◆ Work required ◆
Between the line containing "import ezdxf" and the line containing "layer by layer" lies a run of lines; give that run again exactly, with both of those lines, and nothing else from the entries below.

(Stored data entries)
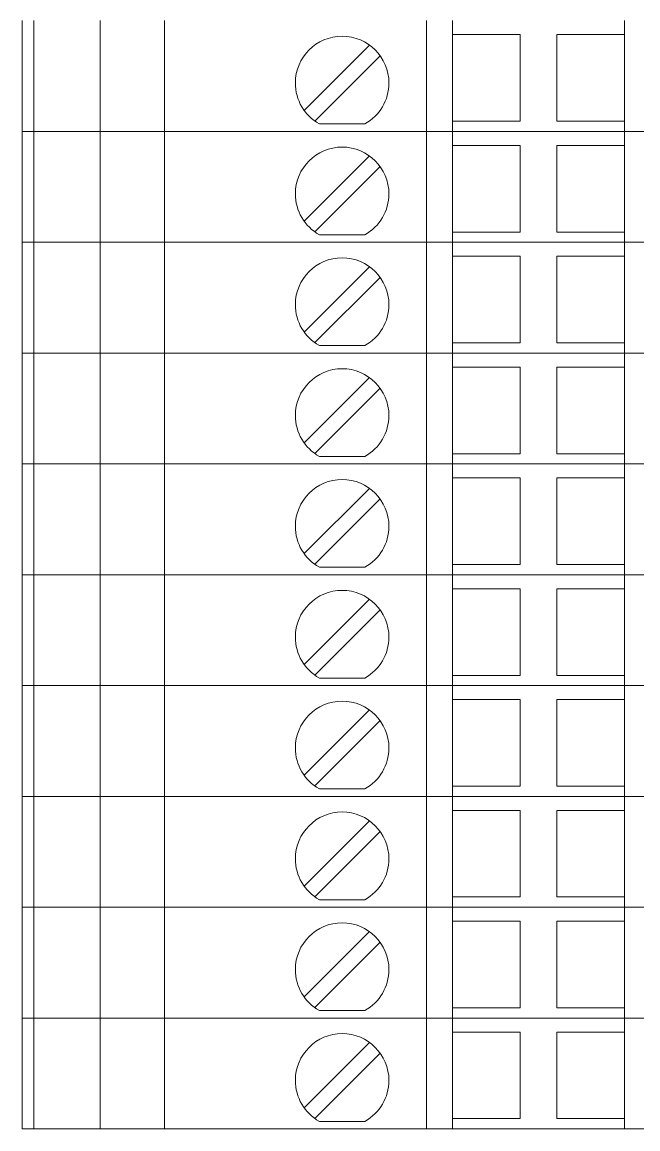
# Model space of a CAD drawing. Header units: millimetres. Extents: x 1880 to 4113, y 771 to 2990.
# Drawn here: x 2688.1 to 2716.7, y 2092.9 to 2144.3 of the extents above; entities that cross this region are included whole.
import ezdxf

# ---------------------------------------------------------------- set-up
doc = ezdxf.new("R2010")
doc.units = ezdxf.units.MM
doc.layers.add('000-PI-Oprema', color=30, linetype='Continuous', lineweight=5)

msp = doc.modelspace()

# ---------------------------------------------------------------- linework, layer by layer
at = {"layer": '000-PI-Oprema', "color": 0, "linetype": 'ByBlock', "lineweight": 0}
for p, q in [((2688.122, 2144.414), (2688.122, 2139.264)), ((2688.669, 2139.264), (2688.669, 2144.414)), ((2691.746, 2144.414), (2691.746, 2139.264)), ((2694.746, 2144.414), (2694.746, 2139.264)), ((2706.922, 2144.414), (2706.922, 2139.264)), ((2708.122, 2144.414), (2708.122, 2139.264)), ((2716.122, 2139.264), (2716.122, 2144.414)), ((2708.122, 2143.764), (2708.122, 2143.764)), ((2708.122, 2143.764), (2711.272, 2143.764)), ((2711.272, 2143.764), (2711.272, 2143.764)), ((2711.272, 2143.764), (2711.272, 2139.739)), ((2712.972, 2143.764), (2716.122, 2143.764)), ((2712.972, 2143.764), (2712.972, 2143.764)), ((2712.972, 2139.739), (2712.972, 2143.764)), ((2716.122, 2143.764), (2716.122, 2143.764)), ((2704.267, 2143.279), (2701.232, 2140.244)), ((2701.726, 2139.749), (2704.762, 2142.784)), ((2706.922, 2142.814), (2706.922, 2142.814)), ((2706.922, 2140.214), (2706.922, 2142.814)), ((2706.922, 2140.214), (2706.922, 2140.214)), ((2701.938, 2139.614), (2701.938, 2139.614)), ((2704.056, 2139.614), (2701.938, 2139.614)), ((2704.056, 2139.614), (2704.056, 2139.614)), ((2708.122, 2139.739), (2708.122, 2139.739)), ((2711.272, 2139.739), (2708.122, 2139.739)), ((2711.272, 2139.739), (2711.272, 2139.739)), ((2712.972, 2139.739), (2712.972, 2139.739)), ((2716.122, 2139.739), (2712.972, 2139.739)), ((2716.122, 2139.739), (2716.122, 2139.739)), ((2688.122, 2139.264), (2706.922, 2139.264)), ((2688.122, 2139.264), (2688.805, 2139.264)), ((2688.122, 2139.264), (2706.922, 2139.264)), ((2688.122, 2139.264), (2688.122, 2134.114)), ((2688.669, 2134.114), (2688.669, 2139.264)), ((2691.746, 2139.264), (2691.746, 2134.114)), ((2694.746, 2139.264), (2694.746, 2134.114)), ((2706.922, 2139.264), (2708.122, 2139.264)), ((2706.922, 2139.264), (2708.122, 2139.264)), ((2706.922, 2139.264), (2706.922, 2134.114)), ((2716.122, 2139.264), (2708.122, 2139.264)), ((2708.122, 2139.264), (2708.122, 2139.264)), ((2708.122, 2139.264), (2708.122, 2139.264)), ((2716.122, 2139.264), (2708.122, 2139.264)), ((2708.122, 2139.264), (2708.122, 2134.114)), ((2716.122, 2139.264), (2717.322, 2139.264)), ((2716.122, 2139.264), (2716.122, 2139.264)), ((2716.122, 2139.264), (2716.122, 2139.264)), ((2716.122, 2139.264), (2717.322, 2139.264)), ((2716.122, 2134.114), (2716.122, 2139.264)), ((2708.122, 2138.614), (2708.122, 2138.614)), ((2708.122, 2138.614), (2711.272, 2138.614)), ((2711.272, 2138.614), (2711.272, 2138.614)), ((2711.272, 2138.614), (2711.272, 2134.589)), ((2712.972, 2138.614), (2716.122, 2138.614)), ((2712.972, 2138.614), (2712.972, 2138.614)), ((2712.972, 2134.589), (2712.972, 2138.614)), ((2716.122, 2138.614), (2716.122, 2138.614)), ((2704.267, 2138.129), (2701.232, 2135.094)), ((2701.726, 2134.599), (2704.762, 2137.634)), ((2706.922, 2137.664), (2706.922, 2137.664)), ((2706.922, 2135.064), (2706.922, 2137.664)), ((2706.922, 2135.064), (2706.922, 2135.064)), ((2701.938, 2134.464), (2701.938, 2134.464)), ((2704.056, 2134.464), (2701.938, 2134.464)), ((2704.056, 2134.464), (2704.056, 2134.464)), ((2708.122, 2134.589), (2708.122, 2134.589)), ((2711.272, 2134.589), (2708.122, 2134.589)), ((2711.272, 2134.589), (2711.272, 2134.589)), ((2712.972, 2134.589), (2712.972, 2134.589)), ((2716.122, 2134.589), (2712.972, 2134.589)), ((2716.122, 2134.589), (2716.122, 2134.589)), ((2688.122, 2134.114), (2706.922, 2134.114)), ((2688.122, 2134.114), (2688.805, 2134.114)), ((2688.122, 2134.114), (2706.922, 2134.114)), ((2688.122, 2134.114), (2688.122, 2128.964)), ((2688.669, 2128.964), (2688.669, 2134.114)), ((2691.746, 2134.114), (2691.746, 2128.964)), ((2694.746, 2134.114), (2694.746, 2128.964)), ((2706.922, 2134.114), (2708.122, 2134.114)), ((2706.922, 2134.114), (2708.122, 2134.114)), ((2706.922, 2134.114), (2706.922, 2128.964)), ((2716.122, 2134.114), (2708.122, 2134.114)), ((2708.122, 2134.114), (2708.122, 2134.114)), ((2708.122, 2134.114), (2708.122, 2134.114)), ((2716.122, 2134.114), (2708.122, 2134.114)), ((2708.122, 2134.114), (2708.122, 2128.964)), ((2716.122, 2134.114), (2717.322, 2134.114)), ((2716.122, 2134.114), (2716.122, 2134.114)), ((2716.122, 2134.114), (2716.122, 2134.114)), ((2716.122, 2134.114), (2717.322, 2134.114)), ((2716.122, 2128.964), (2716.122, 2134.114)), ((2708.122, 2133.464), (2708.122, 2133.464)), ((2708.122, 2133.464), (2711.272, 2133.464)), ((2711.272, 2133.464), (2711.272, 2133.464)), ((2711.272, 2133.464), (2711.272, 2129.439)), ((2712.972, 2133.464), (2716.122, 2133.464)), ((2712.972, 2133.464), (2712.972, 2133.464)), ((2712.972, 2129.439), (2712.972, 2133.464)), ((2716.122, 2133.464), (2716.122, 2133.464)), ((2704.267, 2132.979), (2701.232, 2129.944)), ((2701.726, 2129.449), (2704.762, 2132.484)), ((2706.922, 2132.514), (2706.922, 2132.514)), ((2706.922, 2129.914), (2706.922, 2132.514)), ((2706.922, 2129.914), (2706.922, 2129.914)), ((2701.938, 2129.314), (2701.938, 2129.314)), ((2704.056, 2129.314), (2701.938, 2129.314)), ((2704.056, 2129.314), (2704.056, 2129.314)), ((2708.122, 2129.439), (2708.122, 2129.439)), ((2711.272, 2129.439), (2708.122, 2129.439)), ((2711.272, 2129.439), (2711.272, 2129.439)), ((2712.972, 2129.439), (2712.972, 2129.439)), ((2716.122, 2129.439), (2712.972, 2129.439)), ((2716.122, 2129.439), (2716.122, 2129.439)), ((2688.122, 2128.964), (2706.922, 2128.964)), ((2688.122, 2128.964), (2688.805, 2128.964)), ((2688.122, 2128.964), (2706.922, 2128.964)), ((2688.122, 2128.964), (2688.122, 2123.814)), ((2688.669, 2123.814), (2688.669, 2128.964)), ((2691.746, 2128.964), (2691.746, 2123.814)), ((2694.746, 2128.964), (2694.746, 2123.814)), ((2706.922, 2128.964), (2708.122, 2128.964)), ((2706.922, 2128.964), (2708.122, 2128.964)), ((2706.922, 2128.964), (2706.922, 2123.814)), ((2716.122, 2128.964), (2708.122, 2128.964)), ((2708.122, 2128.964), (2708.122, 2128.964)), ((2708.122, 2128.964), (2708.122, 2128.964)), ((2716.122, 2128.964), (2708.122, 2128.964)), ((2708.122, 2128.964), (2708.122, 2123.814)), ((2716.122, 2128.964), (2717.322, 2128.964)), ((2716.122, 2128.964), (2716.122, 2128.964)), ((2716.122, 2128.964), (2716.122, 2128.964)), ((2716.122, 2128.964), (2717.322, 2128.964)), ((2716.122, 2123.814), (2716.122, 2128.964)), ((2708.122, 2128.314), (2708.122, 2128.314)), ((2708.122, 2128.314), (2711.272, 2128.314)), ((2711.272, 2128.314), (2711.272, 2128.314)), ((2711.272, 2128.314), (2711.272, 2124.289)), ((2712.972, 2128.314), (2716.122, 2128.314)), ((2712.972, 2128.314), (2712.972, 2128.314)), ((2712.972, 2124.289), (2712.972, 2128.314)), ((2716.122, 2128.314), (2716.122, 2128.314)), ((2704.267, 2127.829), (2701.232, 2124.794)), ((2701.726, 2124.299), (2704.762, 2127.334)), ((2706.922, 2127.364), (2706.922, 2127.364)), ((2706.922, 2124.764), (2706.922, 2127.364)), ((2706.922, 2124.764), (2706.922, 2124.764)), ((2701.938, 2124.164), (2701.938, 2124.164)), ((2704.056, 2124.164), (2701.938, 2124.164)), ((2704.056, 2124.164), (2704.056, 2124.164)), ((2708.122, 2124.289), (2708.122, 2124.289)), ((2711.272, 2124.289), (2708.122, 2124.289)), ((2711.272, 2124.289), (2711.272, 2124.289)), ((2712.972, 2124.289), (2712.972, 2124.289)), ((2716.122, 2124.289), (2712.972, 2124.289)), ((2716.122, 2124.289), (2716.122, 2124.289)), ((2688.122, 2123.814), (2706.922, 2123.814)), ((2688.122, 2123.814), (2688.805, 2123.814)), ((2688.122, 2123.814), (2706.922, 2123.814)), ((2688.122, 2123.814), (2688.122, 2118.664)), ((2688.669, 2118.664), (2688.669, 2123.814)), ((2691.746, 2123.814), (2691.746, 2118.664)), ((2694.746, 2123.814), (2694.746, 2118.664)), ((2706.922, 2123.814), (2708.122, 2123.814)), ((2706.922, 2123.814), (2708.122, 2123.814)), ((2706.922, 2123.814), (2706.922, 2118.664)), ((2716.122, 2123.814), (2708.122, 2123.814)), ((2708.122, 2123.814), (2708.122, 2123.814)), ((2708.122, 2123.814), (2708.122, 2123.814)), ((2716.122, 2123.814), (2708.122, 2123.814)), ((2708.122, 2123.814), (2708.122, 2118.664)), ((2716.122, 2123.814), (2717.322, 2123.814)), ((2716.122, 2123.814), (2716.122, 2123.814)), ((2716.122, 2123.814), (2716.122, 2123.814)), ((2716.122, 2123.814), (2717.322, 2123.814)), ((2716.122, 2118.664), (2716.122, 2123.814)), ((2708.122, 2123.164), (2708.122, 2123.164)), ((2708.122, 2123.164), (2711.272, 2123.164)), ((2711.272, 2123.164), (2711.272, 2123.164)), ((2711.272, 2123.164), (2711.272, 2119.139)), ((2712.972, 2123.164), (2716.122, 2123.164)), ((2712.972, 2123.164), (2712.972, 2123.164)), ((2712.972, 2119.139), (2712.972, 2123.164)), ((2716.122, 2123.164), (2716.122, 2123.164)), ((2704.267, 2122.679), (2701.232, 2119.644)), ((2701.726, 2119.149), (2704.762, 2122.184)), ((2706.922, 2122.214), (2706.922, 2122.214)), ((2706.922, 2119.614), (2706.922, 2122.214)), ((2706.922, 2119.614), (2706.922, 2119.614)), ((2701.938, 2119.014), (2701.938, 2119.014)), ((2704.056, 2119.014), (2701.938, 2119.014)), ((2704.056, 2119.014), (2704.056, 2119.014)), ((2708.122, 2119.139), (2708.122, 2119.139)), ((2711.272, 2119.139), (2708.122, 2119.139)), ((2711.272, 2119.139), (2711.272, 2119.139)), ((2712.972, 2119.139), (2712.972, 2119.139)), ((2716.122, 2119.139), (2712.972, 2119.139)), ((2716.122, 2119.139), (2716.122, 2119.139)), ((2688.122, 2118.664), (2706.922, 2118.664)), ((2688.122, 2118.664), (2688.805, 2118.664)), ((2688.122, 2118.664), (2706.922, 2118.664)), ((2688.122, 2118.664), (2688.122, 2113.514)), ((2688.669, 2113.514), (2688.669, 2118.664)), ((2691.746, 2118.664), (2691.746, 2113.514)), ((2694.746, 2118.664), (2694.746, 2113.514)), ((2706.922, 2118.664), (2708.122, 2118.664)), ((2706.922, 2118.664), (2708.122, 2118.664)), ((2706.922, 2118.664), (2706.922, 2113.514)), ((2716.122, 2118.664), (2708.122, 2118.664)), ((2708.122, 2118.664), (2708.122, 2118.664)), ((2708.122, 2118.664), (2708.122, 2118.664)), ((2716.122, 2118.664), (2708.122, 2118.664)), ((2708.122, 2118.664), (2708.122, 2113.514)), ((2716.122, 2118.664), (2717.322, 2118.664)), ((2716.122, 2118.664), (2716.122, 2118.664)), ((2716.122, 2118.664), (2716.122, 2118.664)), ((2716.122, 2118.664), (2717.322, 2118.664)), ((2716.122, 2113.514), (2716.122, 2118.664)), ((2708.122, 2118.014), (2708.122, 2118.014)), ((2708.122, 2118.014), (2711.272, 2118.014)), ((2711.272, 2118.014), (2711.272, 2118.014)), ((2711.272, 2118.014), (2711.272, 2113.989)), ((2712.972, 2118.014), (2716.122, 2118.014)), ((2712.972, 2118.014), (2712.972, 2118.014)), ((2712.972, 2113.989), (2712.972, 2118.014)), ((2716.122, 2118.014), (2716.122, 2118.014)), ((2704.267, 2117.529), (2701.232, 2114.494)), ((2701.726, 2113.999), (2704.762, 2117.034)), ((2706.922, 2117.064), (2706.922, 2117.064)), ((2706.922, 2114.464), (2706.922, 2117.064)), ((2706.922, 2114.464), (2706.922, 2114.464)), ((2701.938, 2113.864), (2701.938, 2113.864)), ((2704.056, 2113.864), (2701.938, 2113.864)), ((2704.056, 2113.864), (2704.056, 2113.864)), ((2708.122, 2113.989), (2708.122, 2113.989)), ((2711.272, 2113.989), (2708.122, 2113.989)), ((2711.272, 2113.989), (2711.272, 2113.989)), ((2712.972, 2113.989), (2712.972, 2113.989)), ((2716.122, 2113.989), (2712.972, 2113.989)), ((2716.122, 2113.989), (2716.122, 2113.989)), ((2688.122, 2113.514), (2706.922, 2113.514)), ((2688.122, 2113.514), (2688.805, 2113.514)), ((2688.122, 2113.514), (2706.922, 2113.514)), ((2688.122, 2113.514), (2688.122, 2108.364)), ((2688.669, 2108.364), (2688.669, 2113.514)), ((2691.746, 2113.514), (2691.746, 2108.364)), ((2694.746, 2113.514), (2694.746, 2108.364)), ((2706.922, 2113.514), (2708.122, 2113.514)), ((2706.922, 2113.514), (2708.122, 2113.514)), ((2706.922, 2113.514), (2706.922, 2108.364)), ((2716.122, 2113.514), (2708.122, 2113.514)), ((2708.122, 2113.514), (2708.122, 2113.514)), ((2708.122, 2113.514), (2708.122, 2113.514)), ((2716.122, 2113.514), (2708.122, 2113.514)), ((2708.122, 2113.514), (2708.122, 2108.364)), ((2716.122, 2113.514), (2717.322, 2113.514)), ((2716.122, 2113.514), (2716.122, 2113.514)), ((2716.122, 2113.514), (2716.122, 2113.514)), ((2716.122, 2113.514), (2717.322, 2113.514)), ((2716.122, 2108.364), (2716.122, 2113.514)), ((2708.122, 2112.864), (2708.122, 2112.864)), ((2708.122, 2112.864), (2711.272, 2112.864)), ((2711.272, 2112.864), (2711.272, 2112.864)), ((2711.272, 2112.864), (2711.272, 2108.839)), ((2712.972, 2112.864), (2716.122, 2112.864)), ((2712.972, 2112.864), (2712.972, 2112.864)), ((2712.972, 2108.839), (2712.972, 2112.864)), ((2716.122, 2112.864), (2716.122, 2112.864)), ((2704.267, 2112.379), (2701.232, 2109.344)), ((2701.726, 2108.849), (2704.762, 2111.884)), ((2706.922, 2111.914), (2706.922, 2111.914)), ((2706.922, 2109.314), (2706.922, 2111.914)), ((2706.922, 2109.314), (2706.922, 2109.314)), ((2701.938, 2108.714), (2701.938, 2108.714)), ((2704.056, 2108.714), (2701.938, 2108.714)), ((2704.056, 2108.714), (2704.056, 2108.714)), ((2708.122, 2108.839), (2708.122, 2108.839)), ((2711.272, 2108.839), (2708.122, 2108.839)), ((2711.272, 2108.839), (2711.272, 2108.839)), ((2712.972, 2108.839), (2712.972, 2108.839)), ((2716.122, 2108.839), (2712.972, 2108.839)), ((2716.122, 2108.839), (2716.122, 2108.839)), ((2688.122, 2108.364), (2706.922, 2108.364)), ((2688.122, 2108.364), (2688.805, 2108.364)), ((2688.122, 2108.364), (2706.922, 2108.364)), ((2688.122, 2108.364), (2688.122, 2103.214)), ((2688.669, 2103.214), (2688.669, 2108.364)), ((2691.746, 2108.364), (2691.746, 2103.214)), ((2694.746, 2108.364), (2694.746, 2103.214)), ((2706.922, 2108.364), (2708.122, 2108.364)), ((2706.922, 2108.364), (2708.122, 2108.364)), ((2706.922, 2108.364), (2706.922, 2103.214)), ((2716.122, 2108.364), (2708.122, 2108.364)), ((2708.122, 2108.364), (2708.122, 2108.364)), ((2708.122, 2108.364), (2708.122, 2108.364)), ((2716.122, 2108.364), (2708.122, 2108.364)), ((2708.122, 2108.364), (2708.122, 2103.214)), ((2716.122, 2108.364), (2717.322, 2108.364)), ((2716.122, 2108.364), (2716.122, 2108.364)), ((2716.122, 2108.364), (2716.122, 2108.364)), ((2716.122, 2108.364), (2717.322, 2108.364)), ((2716.122, 2103.214), (2716.122, 2108.364)), ((2708.122, 2107.714), (2708.122, 2107.714)), ((2708.122, 2107.714), (2711.272, 2107.714)), ((2711.272, 2107.714), (2711.272, 2107.714)), ((2711.272, 2107.714), (2711.272, 2103.689)), ((2712.972, 2107.714), (2716.122, 2107.714)), ((2712.972, 2107.714), (2712.972, 2107.714)), ((2712.972, 2103.689), (2712.972, 2107.714)), ((2716.122, 2107.714), (2716.122, 2107.714)), ((2704.267, 2107.229), (2701.232, 2104.194)), ((2701.726, 2103.699), (2704.762, 2106.734)), ((2706.922, 2106.764), (2706.922, 2106.764)), ((2706.922, 2104.164), (2706.922, 2106.764)), ((2706.922, 2104.164), (2706.922, 2104.164)), ((2701.938, 2103.564), (2701.938, 2103.564)), ((2704.056, 2103.564), (2701.938, 2103.564)), ((2704.056, 2103.564), (2704.056, 2103.564)), ((2708.122, 2103.689), (2708.122, 2103.689)), ((2711.272, 2103.689), (2708.122, 2103.689)), ((2711.272, 2103.689), (2711.272, 2103.689)), ((2712.972, 2103.689), (2712.972, 2103.689)), ((2716.122, 2103.689), (2712.972, 2103.689)), ((2716.122, 2103.689), (2716.122, 2103.689)), ((2688.122, 2103.214), (2706.922, 2103.214)), ((2688.122, 2103.214), (2688.805, 2103.214)), ((2688.122, 2103.214), (2706.922, 2103.214)), ((2688.122, 2103.214), (2688.122, 2098.064)), ((2688.669, 2098.064), (2688.669, 2103.214)), ((2691.746, 2103.214), (2691.746, 2098.064)), ((2694.746, 2103.214), (2694.746, 2098.064)), ((2706.922, 2103.214), (2708.122, 2103.214)), ((2706.922, 2103.214), (2708.122, 2103.214)), ((2706.922, 2103.214), (2706.922, 2098.064)), ((2716.122, 2103.214), (2708.122, 2103.214)), ((2708.122, 2103.214), (2708.122, 2103.214)), ((2708.122, 2103.214), (2708.122, 2103.214)), ((2716.122, 2103.214), (2708.122, 2103.214)), ((2708.122, 2103.214), (2708.122, 2098.064)), ((2716.122, 2103.214), (2717.322, 2103.214)), ((2716.122, 2103.214), (2716.122, 2103.214)), ((2716.122, 2103.214), (2716.122, 2103.214)), ((2716.122, 2103.214), (2717.322, 2103.214)), ((2716.122, 2098.064), (2716.122, 2103.214)), ((2708.122, 2102.564), (2708.122, 2102.564)), ((2708.122, 2102.564), (2711.272, 2102.564)), ((2711.272, 2102.564), (2711.272, 2102.564)), ((2711.272, 2102.564), (2711.272, 2098.539)), ((2712.972, 2102.564), (2716.122, 2102.564)), ((2712.972, 2102.564), (2712.972, 2102.564)), ((2712.972, 2098.539), (2712.972, 2102.564)), ((2716.122, 2102.564), (2716.122, 2102.564)), ((2704.267, 2102.079), (2701.232, 2099.044)), ((2701.726, 2098.549), (2704.762, 2101.584)), ((2706.922, 2101.614), (2706.922, 2101.614)), ((2706.922, 2099.014), (2706.922, 2101.614)), ((2706.922, 2099.014), (2706.922, 2099.014)), ((2701.938, 2098.414), (2701.938, 2098.414)), ((2704.056, 2098.414), (2701.938, 2098.414)), ((2704.056, 2098.414), (2704.056, 2098.414)), ((2708.122, 2098.539), (2708.122, 2098.539)), ((2711.272, 2098.539), (2708.122, 2098.539)), ((2711.272, 2098.539), (2711.272, 2098.539)), ((2712.972, 2098.539), (2712.972, 2098.539)), ((2716.122, 2098.539), (2712.972, 2098.539)), ((2716.122, 2098.539), (2716.122, 2098.539)), ((2688.122, 2098.064), (2706.922, 2098.064)), ((2688.122, 2098.064), (2688.805, 2098.064)), ((2688.122, 2098.064), (2706.922, 2098.064)), ((2688.122, 2098.064), (2688.122, 2092.914)), ((2688.669, 2092.914), (2688.669, 2098.064)), ((2691.746, 2098.064), (2691.746, 2092.914)), ((2694.746, 2098.064), (2694.746, 2092.914)), ((2706.922, 2098.064), (2708.122, 2098.064)), ((2706.922, 2098.064), (2708.122, 2098.064)), ((2706.922, 2098.064), (2706.922, 2092.914)), ((2716.122, 2098.064), (2708.122, 2098.064)), ((2708.122, 2098.064), (2708.122, 2098.064)), ((2708.122, 2098.064), (2708.122, 2098.064)), ((2716.122, 2098.064), (2708.122, 2098.064)), ((2708.122, 2098.064), (2708.122, 2092.914)), ((2716.122, 2098.064), (2717.322, 2098.064)), ((2716.122, 2098.064), (2716.122, 2098.064)), ((2716.122, 2098.064), (2716.122, 2098.064)), ((2716.122, 2098.064), (2717.322, 2098.064)), ((2716.122, 2092.914), (2716.122, 2098.064)), ((2708.122, 2097.414), (2708.122, 2097.414)), ((2708.122, 2097.414), (2711.272, 2097.414)), ((2711.272, 2097.414), (2711.272, 2097.414)), ((2711.272, 2097.414), (2711.272, 2093.389)), ((2712.972, 2097.414), (2716.122, 2097.414)), ((2712.972, 2097.414), (2712.972, 2097.414)), ((2712.972, 2093.389), (2712.972, 2097.414)), ((2716.122, 2097.414), (2716.122, 2097.414)), ((2704.267, 2096.929), (2701.232, 2093.894)), ((2701.726, 2093.399), (2704.762, 2096.434)), ((2706.922, 2096.464), (2706.922, 2096.464)), ((2706.922, 2093.864), (2706.922, 2096.464)), ((2706.922, 2093.864), (2706.922, 2093.864)), ((2701.938, 2093.264), (2701.938, 2093.264)), ((2704.056, 2093.264), (2701.938, 2093.264)), ((2704.056, 2093.264), (2704.056, 2093.264)), ((2708.122, 2093.389), (2708.122, 2093.389)), ((2711.272, 2093.389), (2708.122, 2093.389)), ((2711.272, 2093.389), (2711.272, 2093.389)), ((2712.972, 2093.389), (2712.972, 2093.389)), ((2716.122, 2093.389), (2712.972, 2093.389)), ((2716.122, 2093.389), (2716.122, 2093.389)), ((2688.122, 2092.914), (2706.922, 2092.914)), ((2706.922, 2092.914), (2708.122, 2092.914)), ((2716.122, 2092.914), (2708.122, 2092.914)), ((2708.122, 2092.914), (2708.122, 2092.914)), ((2716.122, 2092.914), (2717.322, 2092.914)), ((2716.122, 2092.914), (2716.122, 2092.914))]:
    msp.add_line(p, q, dxfattribs=at)
for centre, start, end in [((2702.997, 2141.514), 360, 180), ((2702.997, 2141.514), 180, 240.8754), ((2702.997, 2141.514), 299.1246, 360), ((2702.997, 2136.364), 360, 180), ((2702.997, 2136.364), 180, 240.8754), ((2702.997, 2136.364), 299.1246, 360), ((2702.997, 2131.214), 360, 180), ((2702.997, 2131.214), 180, 240.8754), ((2702.997, 2131.214), 299.1246, 360), ((2702.997, 2126.064), 360, 180), ((2702.997, 2126.064), 180, 240.8754), ((2702.997, 2126.064), 299.1246, 360), ((2702.997, 2120.914), 360, 180), ((2702.997, 2120.914), 180, 240.8754), ((2702.997, 2120.914), 299.1246, 360), ((2702.997, 2115.764), 360, 180), ((2702.997, 2115.764), 180, 240.8754), ((2702.997, 2115.764), 299.1246, 360), ((2702.997, 2110.614), 360, 180), ((2702.997, 2110.614), 180, 240.8754), ((2702.997, 2110.614), 299.1246, 360), ((2702.997, 2105.464), 360, 180), ((2702.997, 2105.464), 180, 240.8754), ((2702.997, 2105.464), 299.1246, 360), ((2702.997, 2100.314), 360, 180), ((2702.997, 2100.314), 180, 240.8754), ((2702.997, 2100.314), 299.1246, 360), ((2702.997, 2095.164), 360, 180), ((2702.997, 2095.164), 180, 240.8754), ((2702.997, 2095.164), 299.1246, 360)]:
    msp.add_arc(centre, 2.175, start, end, dxfattribs=at)

doc.saveas('drawing.dxf')

◆ Response to this task ◆
import ezdxf

# ---------------------------------------------------------------- set-up
doc = ezdxf.new("R2010")
doc.units = ezdxf.units.MM
doc.layers.add('000-PI-Oprema', color=30, linetype='Continuous', lineweight=5)

msp = doc.modelspace()

# ---------------------------------------------------------------- linework, layer by layer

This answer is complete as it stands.